== Segment start ==

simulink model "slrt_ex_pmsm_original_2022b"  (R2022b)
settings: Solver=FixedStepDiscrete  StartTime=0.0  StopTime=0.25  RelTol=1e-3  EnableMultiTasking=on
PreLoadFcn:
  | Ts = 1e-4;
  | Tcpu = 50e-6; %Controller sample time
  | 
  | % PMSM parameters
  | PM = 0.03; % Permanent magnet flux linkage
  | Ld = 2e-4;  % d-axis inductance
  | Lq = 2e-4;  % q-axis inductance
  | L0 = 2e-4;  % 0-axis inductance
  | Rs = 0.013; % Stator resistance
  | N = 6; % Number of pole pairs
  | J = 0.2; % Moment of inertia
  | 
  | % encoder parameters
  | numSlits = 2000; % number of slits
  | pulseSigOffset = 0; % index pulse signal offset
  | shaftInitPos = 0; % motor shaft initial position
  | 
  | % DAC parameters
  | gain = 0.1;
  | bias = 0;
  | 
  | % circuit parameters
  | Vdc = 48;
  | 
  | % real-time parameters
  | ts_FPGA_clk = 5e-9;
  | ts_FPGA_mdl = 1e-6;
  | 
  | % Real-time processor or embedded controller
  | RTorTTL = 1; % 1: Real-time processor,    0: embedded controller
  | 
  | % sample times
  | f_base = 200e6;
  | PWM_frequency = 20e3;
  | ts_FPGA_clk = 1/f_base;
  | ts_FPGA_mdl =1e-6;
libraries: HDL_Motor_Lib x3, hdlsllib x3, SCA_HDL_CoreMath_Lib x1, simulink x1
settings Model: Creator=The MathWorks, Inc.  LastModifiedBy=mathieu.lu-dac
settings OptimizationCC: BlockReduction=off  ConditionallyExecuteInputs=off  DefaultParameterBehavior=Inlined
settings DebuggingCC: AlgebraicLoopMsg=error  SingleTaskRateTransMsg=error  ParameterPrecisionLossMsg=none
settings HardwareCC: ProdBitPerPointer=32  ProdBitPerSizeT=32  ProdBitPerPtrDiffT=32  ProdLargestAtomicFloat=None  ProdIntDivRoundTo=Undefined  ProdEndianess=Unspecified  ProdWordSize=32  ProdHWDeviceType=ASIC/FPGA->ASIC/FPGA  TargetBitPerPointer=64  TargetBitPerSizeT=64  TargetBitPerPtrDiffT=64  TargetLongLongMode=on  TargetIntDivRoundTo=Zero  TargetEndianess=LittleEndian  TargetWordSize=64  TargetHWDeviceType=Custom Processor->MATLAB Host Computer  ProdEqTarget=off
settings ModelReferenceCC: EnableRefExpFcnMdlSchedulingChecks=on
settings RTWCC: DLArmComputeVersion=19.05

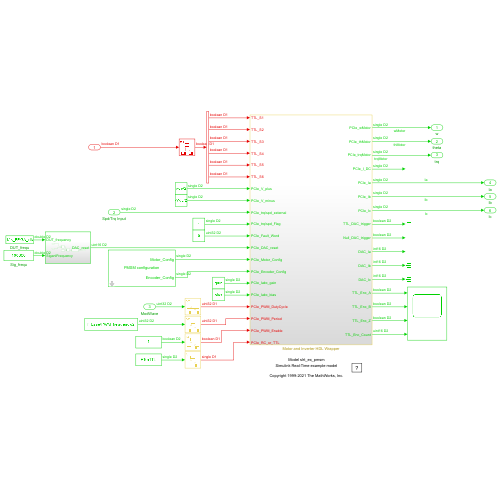
[thumbnail: Simulink's stored preview of the top-level diagram]
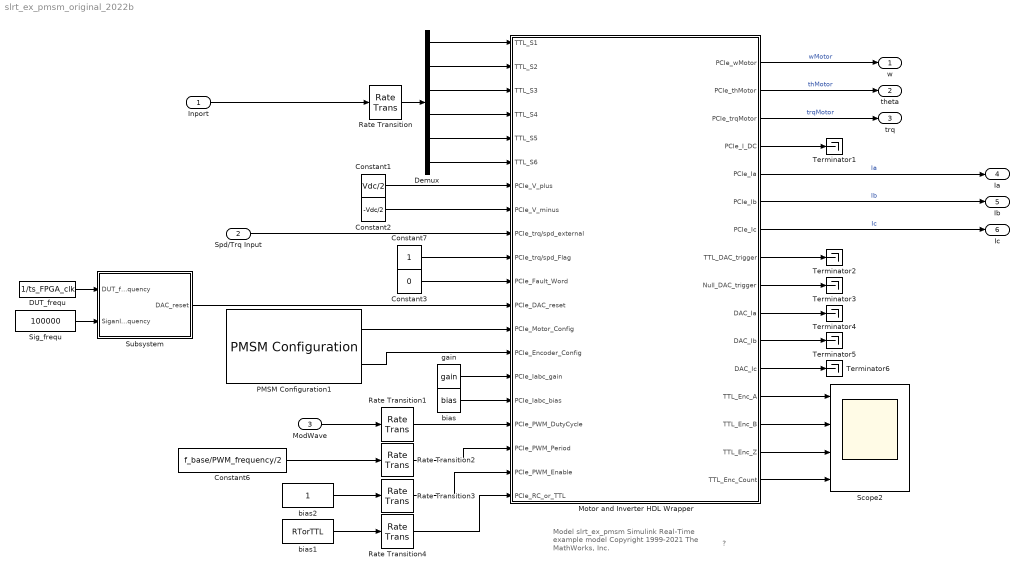
== system slrt_ex_pmsm_original_2022b ==
  note: Model slrt_ex_pmsm
      | Simulink Real-Time example model
      |
      | Copyright 1999-2021 The MathWorks, Inc.
  note: ?
  Inport : Inport  OutDataTypeStr=boolean  PortDimensions=[1 6]
  Spd/Trq Input : Inport  Port=2  OutDataTypeStr=single
  ModWave : Inport  Port=3  OutDataTypeStr=uint32  PortDimensions=[1 3]  SampleTime=ts_FPGA_mdl
  Constant1 : Constant  Value=Vdc/2  OutDataTypeStr=single  SampleTime=ts_FPGA_mdl
  Constant2 : Constant  Value=-Vdc/2  OutDataTypeStr=single  SampleTime=ts_FPGA_mdl
  Constant3 : Constant  Value=0  OutDataTypeStr=uint32  SampleTime=ts_FPGA_mdl
  Constant6 : Constant  Value=f_base/PWM_frequency/2  OutDataTypeStr=uint32  SampleTime=ts_FPGA_mdl
  Constant7 : Constant  OutDataTypeStr=single  SampleTime=ts_FPGA_mdl
  DUT_frequ : Constant  Value=1/ts_FPGA_clk  SampleTime=ts_FPGA_mdl
  Demux : Demux  Outputs=6
  Motor and Inverter HDL Wrapper : Subsystem
  PMSM Configuration1 : HDL_Motor_Lib/PMSM Configuration  Ts=ts_FPGA_mdl  NPP=N  Lambda_pm=PM  Ld=Ld  Lq=Lq  Rs=Rs  J=J  numSlits=numSlits  shaftRotateDir=clockwise (CW)  shaftRotateDirIdx=1  zOffset=pulseSigOffset  shaftInitialPos=shaftInitPos  zGateMode=pulse width = 180 el when channel A is high  zGateModeIdx=1
  Rate Transition{,1..4} (5 alike) : RateTransition  OutPortSampleTime=ts_FPGA_clk
  Scope2 : Scope  NumInputPorts=4
  Sig_frequ : Constant  Value=100000  VectorParams1D=off  SampleTime=ts_FPGA_mdl
  Subsystem : Subsystem
  Terminator{1..6} (6 alike) : Terminator
  bias : Constant  Value=bias  OutDataTypeStr=single  SampleTime=ts_FPGA_mdl
  bias1 : Constant  Value=RTorTTL  OutDataTypeStr=single  SampleTime=ts_FPGA_mdl
  bias2 : Constant  OutDataTypeStr=boolean  SampleTime=ts_FPGA_mdl
  gain : Constant  Value=gain  OutDataTypeStr=single  SampleTime=ts_FPGA_mdl
  w : Outport
  theta : Outport  Port=2
  trq : Outport  Port=3
  Ia : Outport  Port=4
  Ib : Outport  Port=5
  Ic : Outport  Port=6
  wires:
  Rate Transition/1 -> Demux/1
  Demux/1 -> Motor and Inverter HDL Wrapper/1(TTL_S1)
  Demux/2 -> Motor and Inverter HDL Wrapper/2(TTL_S2)
  Demux/3 -> Motor and Inverter HDL Wrapper/3(TTL_S3)
  Demux/4 -> Motor and Inverter HDL Wrapper/4(TTL_S4)
  Demux/5 -> Motor and Inverter HDL Wrapper/5(TTL_S5)
  Demux/6 -> Motor and Inverter HDL Wrapper/6(TTL_S6)
  Constant1/1 -> Motor and Inverter HDL Wrapper/7(PCIe_V_plus)
  Constant2/1 -> Motor and Inverter HDL Wrapper/8(PCIe_V_minus)
  Spd/Trq Input/1 -> Motor and Inverter HDL Wrapper/9(PCIe_trq/spd_external)
  Constant7/1 -> Motor and Inverter HDL Wrapper/10(PCIe_trq/spd_Flag)
  Constant3/1 -> Motor and Inverter HDL Wrapper/11(PCIe_Fault_Word)
  Subsystem/1(DAC_reset) -> Motor and Inverter HDL Wrapper/12(PCIe_DAC_reset)
  Motor and Inverter HDL Wrapper/4(PCIe_I_DC) -> Terminator1/1
  Motor and Inverter HDL Wrapper/8(TTL_DAC_trigger) -> Terminator2/1
  Motor and Inverter HDL Wrapper/9(Null_DAC_trigger) -> Terminator3/1
  Motor and Inverter HDL Wrapper/10(DAC_Ia) -> Terminator4/1
  Motor and Inverter HDL Wrapper/11(DAC_Ib) -> Terminator5/1
  Motor and Inverter HDL Wrapper/12(DAC_Ic) -> Terminator6/1
  Motor and Inverter HDL Wrapper/13(TTL_Enc_A) -> Scope2/1
  Motor and Inverter HDL Wrapper/14(TTL_Enc_B) -> Scope2/2
  Motor and Inverter HDL Wrapper/15(TTL_Enc_Z) -> Scope2/3
  Motor and Inverter HDL Wrapper/16(TTL_Enc_Count) -> Scope2/4
  Inport/1 -> Rate Transition/1
  bias/1 -> Motor and Inverter HDL Wrapper/16(PCIe_Iabc_bias)
  gain/1 -> Motor and Inverter HDL Wrapper/15(PCIe_Iabc_gain)
  Motor and Inverter HDL Wrapper/1(PCIe_wMotor) -> w/1  "wMotor"
  Motor and Inverter HDL Wrapper/2(PCIe_thMotor) -> theta/1  "thMotor"
  Motor and Inverter HDL Wrapper/5(PCIe_Ia) -> Ia/1  "Ia"
  Motor and Inverter HDL Wrapper/6(PCIe_Ib) -> Ib/1  "Ib"
  Motor and Inverter HDL Wrapper/7(PCIe_Ic) -> Ic/1  "Ic"
  DUT_frequ/1 -> Subsystem/1(DUT_frequency)
  Sig_frequ/1 -> Subsystem/2(SiganlFrequency)
  Motor and Inverter HDL Wrapper/3(PCIe_trqMotor) -> trq/1  "trqMotor"
  Constant6/1 -> Rate Transition2/1
  Rate Transition1/1 -> Motor and Inverter HDL Wrapper/17(PCIe_PWM_DutyCycle)
  Rate Transition2/1 -> Motor and Inverter HDL Wrapper/18(PCIe_PWM_Period)
  bias2/1 -> Rate Transition3/1
  Rate Transition3/1 -> Motor and Inverter HDL Wrapper/19(PCIe_PWM_Enable)
  bias1/1 -> Rate Transition4/1
  Rate Transition4/1 -> Motor and Inverter HDL Wrapper/20(PCIe_RC_or_TTL)
  PMSM Configuration1/1 -> Motor and Inverter HDL Wrapper/13(PCIe_Motor_Config)
  PMSM Configuration1/2 -> Motor and Inverter HDL Wrapper/14(PCIe_Encoder_Config)
  ModWave/1 -> Rate Transition1/1

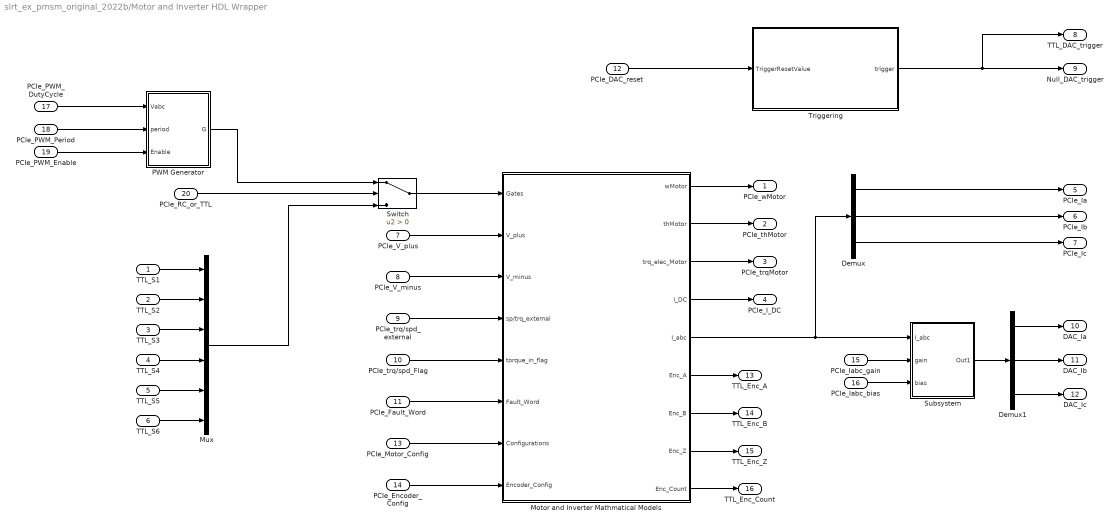
== system slrt_ex_pmsm_original_2022b/Motor and Inverter HDL Wrapper ==
  TTL_S1 : Inport
  TTL_S2 : Inport  Port=2
  TTL_S3 : Inport  Port=3
  TTL_S4 : Inport  Port=4
  TTL_S5 : Inport  Port=5
  TTL_S6 : Inport  Port=6
  PCIe_V_plus : Inport  Port=7
  PCIe_V_minus : Inport  Port=8
  PCIe_trq/spd_external : Inport  Port=9
  PCIe_trq/spd_Flag : Inport  Port=10
  PCIe_Fault_Word : Inport  Port=11
  PCIe_DAC_reset : Inport  Port=12
  PCIe_Motor_Config : Inport  Port=13
  PCIe_Encoder_Config : Inport  Port=14
  PCIe_Iabc_gain : Inport  Port=15
  PCIe_Iabc_bias : Inport  Port=16
  PCIe_PWM_DutyCycle : Inport  Port=17
  PCIe_PWM_Period : Inport  Port=18
  PCIe_PWM_Enable : Inport  Port=19
  PCIe_RC_or_TTL : Inport  Port=20
  Demux : Demux  Outputs=3
  Demux1 : Demux  Outputs=3
  Motor and Inverter Mathmatical Models : Subsystem
  Mux : Mux  Inputs=6
  PWM Generator : Subsystem
  Subsystem : Subsystem
  Switch : Switch  Criteria=u2 > Threshold  SaturateOnIntegerOverflow=off  InputSameDT=off
  Triggering : Subsystem
  PCIe_wMotor : Outport
  PCIe_thMotor : Outport  Port=2
  PCIe_trqMotor : Outport  Port=3
  PCIe_I_DC : Outport  Port=4
  PCIe_Ia : Outport  Port=5
  PCIe_Ib : Outport  Port=6
  PCIe_Ic : Outport  Port=7
  TTL_DAC_trigger : Outport  Port=8
  Null_DAC_trigger : Outport  Port=9
  DAC_Ia : Outport  Port=10
  DAC_Ib : Outport  Port=11
  DAC_Ic : Outport  Port=12
  TTL_Enc_A : Outport  Port=13
  TTL_Enc_B : Outport  Port=14
  TTL_Enc_Z : Outport  Port=15
  TTL_Enc_Count : Outport  Port=16
  wires:
  Motor and Inverter Mathmatical Models/3(trq_elec_Motor) -> PCIe_trqMotor/1
  Motor and Inverter Mathmatical Models/2(thMotor) -> PCIe_thMotor/1
  Triggering/1(trigger) -> Null_DAC_trigger/1, TTL_DAC_trigger/1
  Demux/2 -> PCIe_Ib/1
  Motor and Inverter Mathmatical Models/1(wMotor) -> PCIe_wMotor/1
  Demux/1 -> PCIe_Ia/1
  TTL_S2/1 -> Mux/2
  Motor and Inverter Mathmatical Models/4(I_DC) -> PCIe_I_DC/1
  PCIe_trq/spd_external/1 -> Motor and Inverter Mathmatical Models/4(sp/trq_external)
  Demux/3 -> PCIe_Ic/1
  PCIe_V_plus/1 -> Motor and Inverter Mathmatical Models/2(V_plus)
  PCIe_trq/spd_Flag/1 -> Motor and Inverter Mathmatical Models/5(torque_in_flag)
  TTL_S3/1 -> Mux/3
  PCIe_V_minus/1 -> Motor and Inverter Mathmatical Models/3(V_minus)
  TTL_S6/1 -> Mux/6
  TTL_S1/1 -> Mux/1
  TTL_S5/1 -> Mux/5
  PCIe_Encoder_Config/1 -> Motor and Inverter Mathmatical Models/8(Encoder_Config)
  TTL_S4/1 -> Mux/4
  Motor and Inverter Mathmatical Models/6(Enc_A) -> TTL_Enc_A/1
  PCIe_Fault_Word/1 -> Motor and Inverter Mathmatical Models/6(Fault_Word)
  Motor and Inverter Mathmatical Models/5(I_abc) -> Demux/1, Subsystem/1(I_abc)
  PCIe_DAC_reset/1 -> Triggering/1(TriggerResetValue)
  PCIe_Motor_Config/1 -> Motor and Inverter Mathmatical Models/7(Configurations)
  Motor and Inverter Mathmatical Models/9(Enc_Count) -> TTL_Enc_Count/1
  Motor and Inverter Mathmatical Models/7(Enc_B) -> TTL_Enc_B/1
  Motor and Inverter Mathmatical Models/8(Enc_Z) -> TTL_Enc_Z/1
  PCIe_Iabc_gain/1 -> Subsystem/2(gain)
  PCIe_Iabc_bias/1 -> Subsystem/3(bias)
  Subsystem/1(Out1) -> Demux1/1
  Demux1/2 -> DAC_Ib/1
  Demux1/1 -> DAC_Ia/1
  Demux1/3 -> DAC_Ic/1
  PCIe_PWM_DutyCycle/1 -> PWM Generator/1(Vabc)
  PCIe_PWM_Period/1 -> PWM Generator/2(period)
  PCIe_PWM_Enable/1 -> PWM Generator/3(Enable)
  PWM Generator/1(G) -> Switch/1
  Switch/1 -> Motor and Inverter Mathmatical Models/1(Gates)
  Mux/1 -> Switch/3
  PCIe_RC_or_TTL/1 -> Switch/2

== Segment end ==

Task brief:
Taking the entries above, write out exactly each line from the one holding "Demux/5 -> Motor" to the one holding "Constant7/1 -> Motor", both included, and stop there.

Solution to this exercise:
  Demux/5 -> Motor and Inverter HDL Wrapper/5(TTL_S5)
  Demux/6 -> Motor and Inverter HDL Wrapper/6(TTL_S6)
  Constant1/1 -> Motor and Inverter HDL Wrapper/7(PCIe_V_plus)
  Constant2/1 -> Motor and Inverter HDL Wrapper/8(PCIe_V_minus)
  Spd/Trq Input/1 -> Motor and Inverter HDL Wrapper/9(PCIe_trq/spd_external)
  Constant7/1 -> Motor and Inverter HDL Wrapper/10(PCIe_trq/spd_Flag)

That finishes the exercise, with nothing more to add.